In the freezing early mountain morning he thought, Please start, please please start, please still have your tires—
He blessed the old thing a thousand times in his head as it started on the first try, and drove carefully, not sure what might happen if he pushed it. At Walgreens, he bought five inhalers—the legal maximum—and they all looked all right. On his way home, he used the cell to tell Tiff to scour the medicine cabinet with Drano and rubbing alcohol.
Harold Cheiron, Zach’s across-the-street neighbor, was waiting in the driveway for him, not letting him pull in—and holding a deer rifle. Something moved in his rearview—Cheiron’s wife with a shotgun.
Then he saw that on either side of him were that couple from down the street—what were their names?—he with a bat, she with a pistol, all of them looking ready to use them.
Cheiron gestured for Zach to roll down the window. “So where are you coming back from?”
“My—my son Teddy, I had to go out and get asthma medicine for him, what’s this about? I have the medicine here—” He held up the Walgreens bag.
Cheiron advanced to the car window and looked at it. “I’ll give this to your wife.
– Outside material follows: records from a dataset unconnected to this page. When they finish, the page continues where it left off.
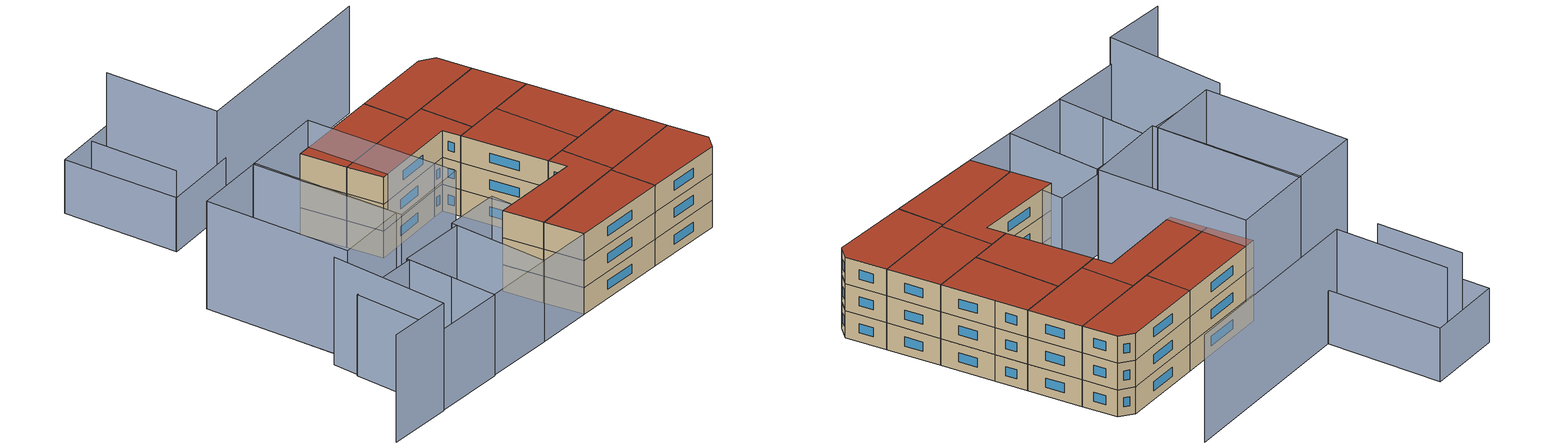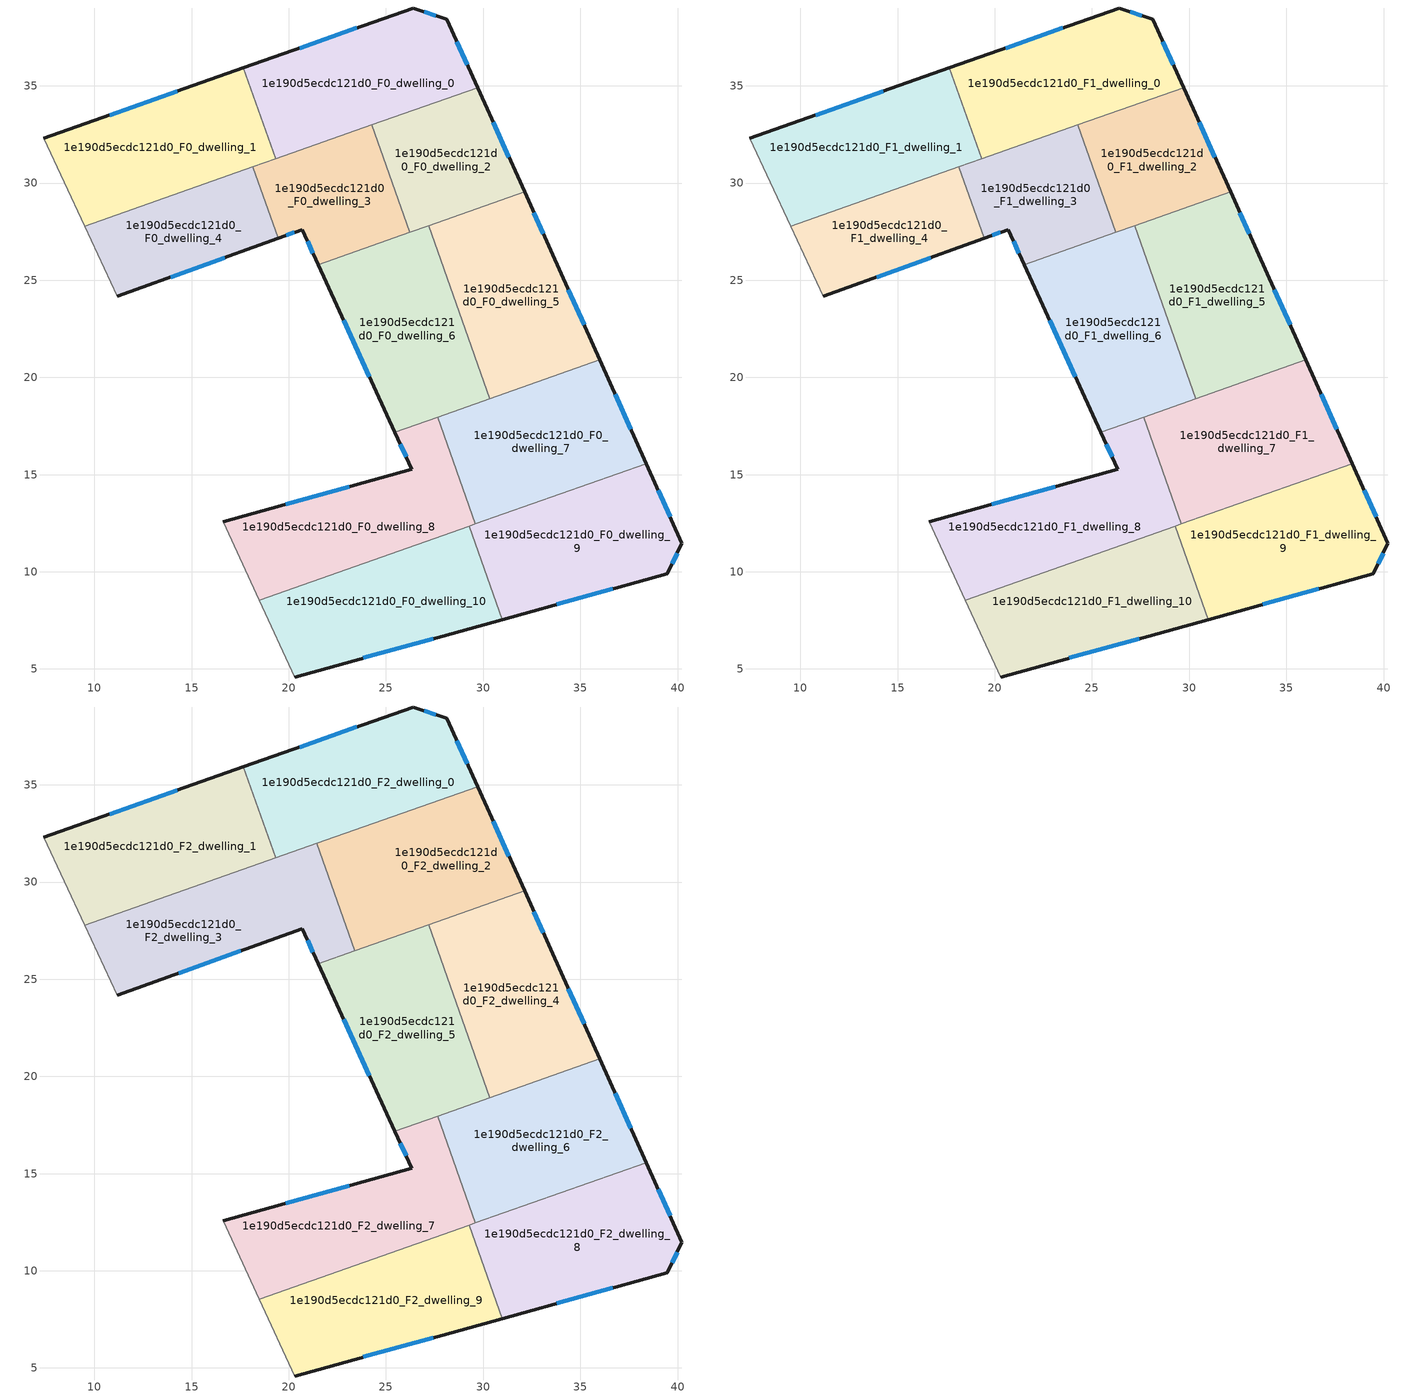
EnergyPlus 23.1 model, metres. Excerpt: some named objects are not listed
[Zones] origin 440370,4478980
1e190d5ecdc121d0_F0_dwelling_0
 floor ground (EU_floor_Construction): 28.13,38.43 29.71,34.91 19.32,31.24 17.66,35.92 26.39,39.01 z0
 wall outside (EU_wall_Construction): 29.71,34.91 28.13,38.43 26.39,39.01 17.66,35.92 z0:3
 wall to 1e190d5ecdc121d0_F0_dwelling_1 (EU_wall_Construction): 17.66,35.92 19.32,31.24 z0:3
 wall to 1e190d5ecdc121d0_F0_dwelling_2 (EU_wall_Construction): 24.27,32.99 29.71,34.91 z0:3
 wall to 1e190d5ecdc121d0_F0_dwelling_3 (EU_wall_Construction): 19.32,31.24 24.27,32.99 z0:3
 window (EU_Window_Construction): 23.5,37.98 20.56,36.95 / 27.55,38.62 26.97,38.81 / 29.18,36.08 28.65,37.26 z0.99:2.01
1e190d5ecdc121d0_F0_dwelling_1
 floor ground (EU_floor_Construction): 17.66,35.92 19.32,31.24 9.5,27.77 7.39,32.3 z0
 wall outside (EU_wall_Construction): 17.66,35.92 7.39,32.3 z0:3
 wall adiabatic (EU_wall_Construction): 7.39,32.3 9.5,27.77 z0:3
 wall to 1e190d5ecdc121d0_F0_dwelling_4 (EU_wall_Construction): 9.5,27.77 18.15,30.83 z0:3
 wall to 1e190d5ecdc121d0_F0_dwelling_3 (EU_wall_Construction): 18.15,30.83 19.32,31.24 z0:3
 window (EU_Window_Construction): 14.26,34.72 10.79,33.5 z0.99:2.01
1e190d5ecdc121d0_F0_dwelling_10
 floor ground (EU_floor_Construction): 29.28,12.35 30.98,7.54 20.3,4.59 18.48,8.53 z0
 wall outside (EU_wall_Construction): 20.3,4.59 30.98,7.54 z0:3
 wall to 1e190d5ecdc121d0_F0_dwelling_9 (EU_wall_Construction): 30.98,7.54 29.28,12.35 z0:3
 wall adiabatic (EU_wall_Construction): 18.48,8.53 20.3,4.59 z0:3
 wall to 1e190d5ecdc121d0_F0_dwelling_8 (EU_wall_Construction): 29.28,12.35 18.48,8.53 z0:3
 window (EU_Window_Construction): 23.84,5.57 27.44,6.56 z0.99:2.01
1e190d5ecdc121d0_F0_dwelling_2
 floor ground (EU_floor_Construction): 29.71,34.91 32.13,29.54 26.23,27.46 24.27,32.99 z0
 wall outside (EU_wall_Construction): 32.13,29.54 29.71,34.91 z0:3
 wall to 1e190d5ecdc121d0_F0_dwelling_3 (EU_wall_Construction): 24.27,32.99 26.23,27.46 z0:3
 wall to 1e190d5ecdc121d0_F0_dwelling_5 (EU_wall_Construction): 27.21,27.8 32.13,29.54 z0:3
 wall to 1e190d5ecdc121d0_F0_dwelling_6 (EU_wall_Construction): 26.23,27.46 27.21,27.8 z0:3
 window (EU_Window_Construction): 31.33,31.32 30.51,33.13 z0.99:2.01
1e190d5ecdc121d0_F0_dwelling_3
 floor ground (EU_floor_Construction): 24.27,32.99 26.23,27.46 21.52,25.79 20.69,27.61 19.45,27.16 18.15,30.83 z0
 wall outside (EU_wall_Construction): 19.45,27.16 20.69,27.61 21.52,25.79 z0:3
 wall to 1e190d5ecdc121d0_F0_dwelling_4 (EU_wall_Construction): 18.15,30.83 19.45,27.16 z0:3
 wall to 1e190d5ecdc121d0_F0_dwelling_6 (EU_wall_Construction): 21.52,25.79 26.23,27.46 z0:3
 window (EU_Window_Construction): 20.96,27.01 21.24,26.39 / 19.86,27.31 20.28,27.46 z0.99:2.01
1e190d5ecdc121d0_F0_dwelling_4
 floor ground (EU_floor_Construction): 18.15,30.83 19.45,27.16 11.18,24.16 9.5,27.77 z0
 wall outside (EU_wall_Construction): 11.18,24.16 19.45,27.16 z0:3
 wall adiabatic (EU_wall_Construction): 9.5,27.77 11.18,24.16 z0:3
 window (EU_Window_Construction): 13.92,25.16 16.71,26.17 z0.99:2.01
1e190d5ecdc121d0_F0_dwelling_5
 floor ground (EU_floor_Construction): 32.13,29.54 33.58,26.32 36,20.9 30.35,18.91 27.21,27.8 z0
 wall outside (EU_wall_Construction): 36,20.9 33.58,26.32 32.13,29.54 z0:3
 wall to 1e190d5ecdc121d0_F0_dwelling_6 (EU_wall_Construction): 27.21,27.8 30.35,18.91 z0:3
 wall to 1e190d5ecdc121d0_F0_dwelling_7 (EU_wall_Construction): 30.35,18.91 36,20.9 z0:3
 window (EU_Window_Construction): 33.1,27.38 32.61,28.47 / 35.2,22.7 34.39,24.52 z0.99:2.01
1e190d5ecdc121d0_F0_dwelling_6
 floor ground (EU_floor_Construction): 27.21,27.8 30.35,18.91 25.46,17.18 21.52,25.79 z0
 wall outside (EU_wall_Construction): 21.52,25.79 25.46,17.18 z0:3
 wall to 1e190d5ecdc121d0_F0_dwelling_8 (EU_wall_Construction): 25.46,17.18 27.66,17.96 z0:3
 wall to 1e190d5ecdc121d0_F0_dwelling_7 (EU_wall_Construction): 27.66,17.96 30.35,18.91 z0:3
 window (EU_Window_Construction): 22.82,22.94 24.15,20.03 z0.99:2.01
1e190d5ecdc121d0_F0_dwelling_7
 floor ground (EU_floor_Construction): 36,20.9 38.39,15.57 29.6,12.46 27.66,17.96 z0
 wall outside (EU_wall_Construction): 38.39,15.57 36,20.9 z0:3
 wall to 1e190d5ecdc121d0_F0_dwelling_8 (EU_wall_Construction): 27.66,17.96 29.6,12.46 z0:3
 wall to 1e190d5ecdc121d0_F0_dwelling_9 (EU_wall_Construction): 29.6,12.46 38.39,15.57 z0:3
 window (EU_Window_Construction): 37.6,17.33 36.79,19.13 z0.99:2.01
1e190d5ecdc121d0_F0_dwelling_8
 floor ground (EU_floor_Construction): 27.66,17.96 29.6,12.46 18.48,8.53 16.62,12.57 26.32,15.29 25.46,17.18 z0
 wall outside (EU_wall_Construction): 25.46,17.18 26.32,15.29 16.62,12.57 z0:3
 wall adiabatic (EU_wall_Construction): 16.62,12.57 18.48,8.53 z0:3
 wall to 1e190d5ecdc121d0_F0_dwelling_9 (EU_wall_Construction): 29.28,12.35 29.6,12.46 z0:3
 window (EU_Window_Construction): 25.74,16.55 26.04,15.91 / 23.11,14.38 19.83,13.47 z0.99:2.01
1e190d5ecdc121d0_F0_dwelling_9
 floor ground (EU_floor_Construction): 38.39,15.57 40.22,11.47 39.48,9.9 30.98,7.54 29.28,12.35 z0
 wall outside (EU_wall_Construction): 30.98,7.54 39.48,9.9 40.22,11.47 38.39,15.57 z0:3
 window (EU_Window_Construction): 39.62,12.82 39,14.21 / 39.73,10.42 39.98,10.95 / 33.8,8.32 36.66,9.12 z0.99:2.01
1e190d5ecdc121d0_F1_dwelling_0
 floor to 1e190d5ecdc121d0_F0_dwelling_0 (EU_floor_Construction): 28.13,38.43 29.71,34.91 19.32,31.24 17.66,35.92 26.39,39.01 z3
 wall outside (EU_wall_Construction): 29.71,34.91 28.13,38.43 26.39,39.01 17.66,35.92 z3:6
 wall to 1e190d5ecdc121d0_F1_dwelling_1 (EU_wall_Construction): 17.66,35.92 19.32,31.24 z3:6
 wall to 1e190d5ecdc121d0_F1_dwelling_2 (EU_wall_Construction): 24.27,32.99 29.71,34.91 z3:6
 wall to 1e190d5ecdc121d0_F1_dwelling_3 (EU_wall_Construction): 19.32,31.24 24.27,32.99 z3:6
 window (EU_Window_Construction): 23.5,37.98 20.56,36.95 / 27.55,38.62 26.97,38.81 / 29.18,36.08 28.65,37.26 z3.99:5.01
1e190d5ecdc121d0_F1_dwelling_1
 floor to 1e190d5ecdc121d0_F0_dwelling_1 (EU_floor_Construction): 17.66,35.92 19.32,31.24 9.5,27.77 7.39,32.3 z3
 wall outside (EU_wall_Construction): 17.66,35.92 7.39,32.3 z3:6
 wall adiabatic (EU_wall_Construction): 7.39,32.3 9.5,27.77 z3:6
 wall to 1e190d5ecdc121d0_F1_dwelling_4 (EU_wall_Construction): 9.5,27.77 18.15,30.83 z3:6
 wall to 1e190d5ecdc121d0_F1_dwelling_3 (EU_wall_Construction): 18.15,30.83 19.32,31.24 z3:6
 window (EU_Window_Construction): 14.26,34.72 10.79,33.5 z3.99:5.01
1e190d5ecdc121d0_F1_dwelling_10
 floor to 1e190d5ecdc121d0_F0_dwelling_10 (EU_floor_Construction): 29.28,12.35 30.98,7.54 20.3,4.59 18.48,8.53 z3
 wall outside (EU_wall_Construction): 20.3,4.59 30.98,7.54 z3:6
 wall to 1e190d5ecdc121d0_F1_dwelling_9 (EU_wall_Construction): 30.98,7.54 29.28,12.35 z3:6
 wall adiabatic (EU_wall_Construction): 18.48,8.53 20.3,4.59 z3:6
 wall to 1e190d5ecdc121d0_F1_dwelling_8 (EU_wall_Construction): 29.28,12.35 18.48,8.53 z3:6
 window (EU_Window_Construction): 23.84,5.57 27.44,6.56 z3.99:5.01
1e190d5ecdc121d0_F1_dwelling_2
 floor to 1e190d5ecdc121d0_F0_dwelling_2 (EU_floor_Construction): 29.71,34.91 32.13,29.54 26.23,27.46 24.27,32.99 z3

You wait here.”
Harold returned and brought Tiff, who was holding Teddy (breathing easily now), and leading Noah by the hand; he was fresh from sleep, dragging his stuffed dog with him.
“She was scrubbing down her medicine cabinet,” Harold said, “like trying to get rid of some kind of germs or something, and inside, they have boxes and boxes of inhalers, which have all rotted, and he’s got a neat little workshop down there where he was building some kind of electronic gadget, it looks like, probably a lot of them, to judge by all the parts he had and the little jigs and marked breadboards. And he came in at about four thirty yesterday morning. And their walls are practically papered with The Earth Is The Lord’s posters. Now, on Good Morning America , they said the things to watch out for were people who came and went at unusual hours yesterday, people whose hobbies seemed to include home laboratories, Green types, and people who seemed to be having troubles with weird germs. I vote that this family ought to go talk to the sheriff; any other votes?”
It was unanimous; Zach and Tiff didn’t get votes. Shortly they were all piled into the back of Cheiron’s panel truck, rolling slowly through the street. Cheiron’s wife drove; Cheiron sat, the shotgun held across his chest, in back with Zach and his family. “You’re lucky we like you around here, and you have kids we’d rather not hurt,” Cheiron said to them, apropos of nothing. “They’re asking people to go to the cops with suspected Daybreakers but there’s all kinds of stories about people taking the law into their own hands. Naturally since it’s mainstream media reporting, they’re worrying more about vigilantes getting out of hand than about what you Daybreak bastards have already done.”